We could still possibly find ways to improve the experience for people who are using virtual file systems like Docker. However I would want to see a better theory that explains why the performance is bad and why it's actionable on our part. We can't help you find those answers. For example, I'm not convinced that using C stdio rather than C++ stdio is itself in any way different. An example of something that would possibly convince me, would be like, "if we use this stride obtained from the statfs() block size then we see optimal i/o behavior" or "if we have a second thread prefaulting pages".
Another thing that would convince me is if you showed me a perf record
profiling report showing, "here we see my glibc version of libstdc++ has a bug where it spends all its time chewing up CPU rather than actually doing I/O therefore we should just use C stdio." But until that happens, I can't merge a change like this.
@jart I'd be glad to be of any help with debugging mmap
for WIN32. What's needed right now is to clone mmap
branch, (try to) compile it using MSVC and see if there are any bugs in there, is that right? And where do I report my findings? #91?
I will also try to do some investigation with regards to loading performance inside docker.
@oKatanaaa The branch is already in the repo. Just git pull origin
and git checkout mmap
.
You can report in #91. You can also send a pull request that targets the mmap branch.
I have created my own library that implements mmap using mingw32 that makes this project maintainable for windows. It is possible to compile the program using library from https://github.com/CoderRC/libmingw32_extended, make changes like in https://github.com/ggerganov/llama.cpp/pull/564 and the specific make command below: make LDFLAGS='-D_POSIX_MAPPED_FILES -lmingw32_extended'
There is no need to use a separate library to replace C++ fstreams with C file streams, as C file streams work perfectly in Windows too. You are conflating two things in the comments now, which are using mmap()
, which is non-portable and requires an external library or polyfill, while the PR is about using fopen()
and fread()
, both of which are portable and do not require any additions.

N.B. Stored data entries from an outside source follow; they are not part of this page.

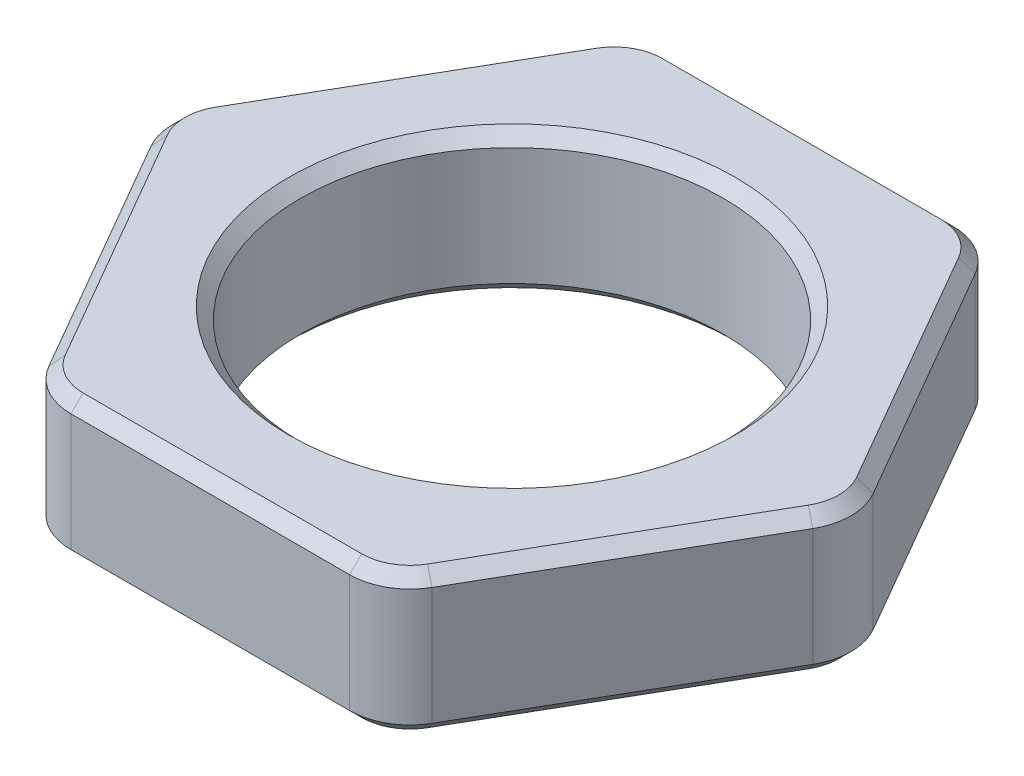
ISO-10303-21;
HEADER;
FILE_DESCRIPTION(('STEP AP214'),'2;1');
FILE_NAME('part.step','',(''),(''),'','','');
FILE_SCHEMA(('AUTOMOTIVE_DESIGN { 1 0 10303 214 1 1 1 1 }'));
ENDSEC;
DATA;
#1=APPLICATION_CONTEXT('core data for automotive mechanical design processes');
#2=APPLICATION_PROTOCOL_DEFINITION('international standard','automotive_design',2000,#1);
#3=PRODUCT_CONTEXT('',#1,'mechanical');
#4=PRODUCT('Part','Part','',(#3));
#5=PRODUCT_RELATED_PRODUCT_CATEGORY('part','',(#4));
#6=PRODUCT_DEFINITION_FORMATION('','',#4);
#7=PRODUCT_DEFINITION_CONTEXT('part definition',#1,'design');
#8=PRODUCT_DEFINITION('design','',#6,#7);
#9=PRODUCT_DEFINITION_SHAPE('','',#8);
#10=(LENGTH_UNIT() NAMED_UNIT(*) SI_UNIT(.MILLI.,.METRE.));
#11=(NAMED_UNIT(*) PLANE_ANGLE_UNIT() SI_UNIT($,.RADIAN.));
#12=(NAMED_UNIT(*) SI_UNIT($,.STERADIAN.) SOLID_ANGLE_UNIT());
#13=UNCERTAINTY_MEASURE_WITH_UNIT(LENGTH_MEASURE(1.E-05),#10,'distance_accuracy_value','');
#14=(GEOMETRIC_REPRESENTATION_CONTEXT(3) GLOBAL_UNCERTAINTY_ASSIGNED_CONTEXT((#13)) GLOBAL_UNIT_ASSIGNED_CONTEXT((#10,
#11,#12)) REPRESENTATION_CONTEXT('',''));
#15=CARTESIAN_POINT('',(0.,0.,0.));
#16=DIRECTION('',(0.,0.,1.));
#17=DIRECTION('',(1.,0.,0.));
#18=AXIS2_PLACEMENT_3D('',#15,#16,#17);
#19=CARTESIAN_POINT('',(0.,1.175,0.));
#20=DIRECTION('',(0.,1.,0.));
#21=DIRECTION('',(0.,0.,1.));
#22=AXIS2_PLACEMENT_3D('',#19,#20,#21);
#23=PLANE('',#22);
#24=CARTESIAN_POINT('',(0.,1.175,0.));
#25=DIRECTION('',(0.,1.,0.));
#26=DIRECTION('',(0.,0.,1.));
#27=AXIS2_PLACEMENT_3D('',#24,#25,#26);
#28=CIRCLE('',#27,3.7);
#29=CARTESIAN_POINT('',(0.,1.175,3.7));
#30=VERTEX_POINT('',#29);
#31=EDGE_CURVE('E11',#30,#30,#28,.F.);
#32=ORIENTED_EDGE('',*,*,#31,.T.);
#33=EDGE_LOOP('',(#32));
#34=FACE_BOUND('',#33,.T.);
#35=DIRECTION('',(1.,0.,0.));
#36=VECTOR('',#35,1.);
#37=CARTESIAN_POINT('',(2.3094010767585,1.175,4.8));
#38=LINE('',#37,#36);
#39=CARTESIAN_POINT('',(-2.3094010767585,1.175,4.8));
#40=VERTEX_POINT('',#39);
#41=CARTESIAN_POINT('',(2.3094010767585,1.175,4.8));
#42=VERTEX_POINT('',#41);
#43=EDGE_CURVE('E49',#40,#42,#38,.T.);
#44=ORIENTED_EDGE('',*,*,#43,.T.);
#45=CARTESIAN_POINT('',(2.3094010767585,1.175,4.));
#46=DIRECTION('',(0.,1.,0.));
#47=DIRECTION('',(0.,0.,1.));
#48=AXIS2_PLACEMENT_3D('',#45,#46,#47);
#49=CIRCLE('',#48,0.799999999999999);
#50=CARTESIAN_POINT('',(3.00222139978605,1.175,4.4));
#51=VERTEX_POINT('',#50);
#52=EDGE_CURVE('E41',#42,#51,#49,.T.);
#53=ORIENTED_EDGE('',*,*,#52,.T.);
#54=DIRECTION('',(0.5,0.,-0.866025403784439));
#55=VECTOR('',#54,1.);
#56=CARTESIAN_POINT('',(5.31162247654456,1.175,0.399999999999996));
#57=LINE('',#56,#55);
#58=CARTESIAN_POINT('',(5.31162247654456,1.175,0.399999999999997));
#59=VERTEX_POINT('',#58);
#60=EDGE_CURVE('E283',#51,#59,#57,.T.);
#61=ORIENTED_EDGE('',*,*,#60,.T.);
#62=CARTESIAN_POINT('',(4.61880215351701,1.175,0.));
#63=DIRECTION('',(0.,1.,0.));
#64=DIRECTION('',(0.,0.,1.));
#65=AXIS2_PLACEMENT_3D('',#62,#63,#64);
#66=CIRCLE('',#65,0.8);
#67=CARTESIAN_POINT('',(5.31162247654456,1.175,-0.400000000000003));
#68=VERTEX_POINT('',#67);
#69=EDGE_CURVE('E285',#59,#68,#66,.T.);
#70=ORIENTED_EDGE('',*,*,#69,.T.);
#71=DIRECTION('',(-0.5,0.,-0.866025403784439));
#72=VECTOR('',#71,1.);
#73=CARTESIAN_POINT('',(3.00222139978605,1.175,-4.4));
#74=LINE('',#73,#72);
#75=CARTESIAN_POINT('',(3.00222139978605,1.175,-4.4));
#76=VERTEX_POINT('',#75);
#77=EDGE_CURVE('E287',#68,#76,#74,.T.);
#78=ORIENTED_EDGE('',*,*,#77,.T.);
#79=CARTESIAN_POINT('',(2.3094010767585,1.175,-4.));
#80=DIRECTION('',(0.,1.,0.));
#81=DIRECTION('',(0.,0.,1.));
#82=AXIS2_PLACEMENT_3D('',#79,#80,#81);
#83=CIRCLE('',#82,0.799999999999999);
#84=CARTESIAN_POINT('',(2.3094010767585,1.175,-4.8));
#85=VERTEX_POINT('',#84);
#86=EDGE_CURVE('E289',#76,#85,#83,.T.);
#87=ORIENTED_EDGE('',*,*,#86,.T.);
#88=DIRECTION('',(-1.,0.,0.));
#89=VECTOR('',#88,1.);
#90=CARTESIAN_POINT('',(-2.3094010767585,1.175,-4.8));
#91=LINE('',#90,#89);
#92=CARTESIAN_POINT('',(-2.3094010767585,1.175,-4.8));
#93=VERTEX_POINT('',#92);
#94=EDGE_CURVE('E291',#85,#93,#91,.T.);
#95=ORIENTED_EDGE('',*,*,#94,.T.);
#96=CARTESIAN_POINT('',(-2.3094010767585,1.175,-4.));
#97=DIRECTION('',(0.,1.,0.));
#98=DIRECTION('',(0.,0.,1.));
#99=AXIS2_PLACEMENT_3D('',#96,#97,#98);
#100=CIRCLE('',#99,0.799999999999999);
#101=CARTESIAN_POINT('',(-3.00222139978605,1.175,-4.4));
#102=VERTEX_POINT('',#101);
#103=EDGE_CURVE('E293',#93,#102,#100,.T.);
#104=ORIENTED_EDGE('',*,*,#103,.T.);
#105=DIRECTION('',(-0.5,0.,0.866025403784439));
#106=VECTOR('',#105,1.);
#107=CARTESIAN_POINT('',(-5.31162247654456,1.175,-0.399999999999997));
#108=LINE('',#107,#106);
#109=CARTESIAN_POINT('',(-5.31162247654456,1.175,-0.399999999999999));
#110=VERTEX_POINT('',#109);
#111=EDGE_CURVE('E295',#102,#110,#108,.T.);
#112=ORIENTED_EDGE('',*,*,#111,.T.);
#113=CARTESIAN_POINT('',(-4.61880215351701,1.175,0.));
#114=DIRECTION('',(0.,1.,0.));
#115=DIRECTION('',(0.,0.,1.));
#116=AXIS2_PLACEMENT_3D('',#113,#114,#115);
#117=CIRCLE('',#116,0.8);
#118=CARTESIAN_POINT('',(-5.31162247654456,1.175,0.4));
#119=VERTEX_POINT('',#118);
#120=EDGE_CURVE('E297',#110,#119,#117,.T.);
#121=ORIENTED_EDGE('',*,*,#120,.T.);
#122=DIRECTION('',(0.5,0.,0.866025403784439));
#123=VECTOR('',#122,1.);
#124=CARTESIAN_POINT('',(-3.00222139978605,1.175,4.4));
#125=LINE('',#124,#123);
#126=CARTESIAN_POINT('',(-3.00222139978605,1.175,4.4));
#127=VERTEX_POINT('',#126);
#128=EDGE_CURVE('E299',#119,#127,#125,.T.);
#129=ORIENTED_EDGE('',*,*,#128,.T.);
#130=CARTESIAN_POINT('',(-2.3094010767585,1.175,4.));
#131=DIRECTION('',(0.,1.,0.));
#132=DIRECTION('',(0.,0.,1.));
#133=AXIS2_PLACEMENT_3D('',#130,#131,#132);
#134=CIRCLE('',#133,0.799999999999999);
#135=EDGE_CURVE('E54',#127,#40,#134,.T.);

@oKatanaaa do you still want to move forward on this PR? I'm still not convinced that c++ stl vs. c stdio is going to make a measurable difference, unless our goal was to convert the c++ code to c. Our mmap() work on the other hand, makes weights load 10x faster for me on Windows now. And 100x faster on Linux.
@anzz1 I looked at @CoderRC's project and it looks pretty good and it's unfair to say mmap() isn't portable because it's standardized by the IEEE. You'll also be happy to hear we now have our own working WIN32 mmap() polyfill, in our mmap
branch: https://github.com/ggerganov/llama.cpp/blob/mmap/mmap.c Me and @oKatanaaa spent the past few weeks building that. As I mentioned in my earlier comment, it's going to help make loading larger models with multi-dimensional tensors (e.g. 13B) about 10x to 100x faster, in terms of wall time. It doesn't require any libraries or dependencies. You're encouraged to take a look at the code and share your feedback!
@oKatanaaa do you still want to move forward on this PR? I'm still not convinced that c++ stl vs. c stdio is going to make a measurable difference, unless our goal was to convert the c++ code to c. Our mmap() work on the other hand, makes weights load 10x faster for me on Windows now. And 100x faster on Linux.
I still want to tinker with the code a bit and find the reasons of slow loading inside docker on win, but I am focusing on other things at the moment, so we can close the PR. I'll try to do some research regarding this problem once I have some time. If I find anything I'll make a new PR with new fixes.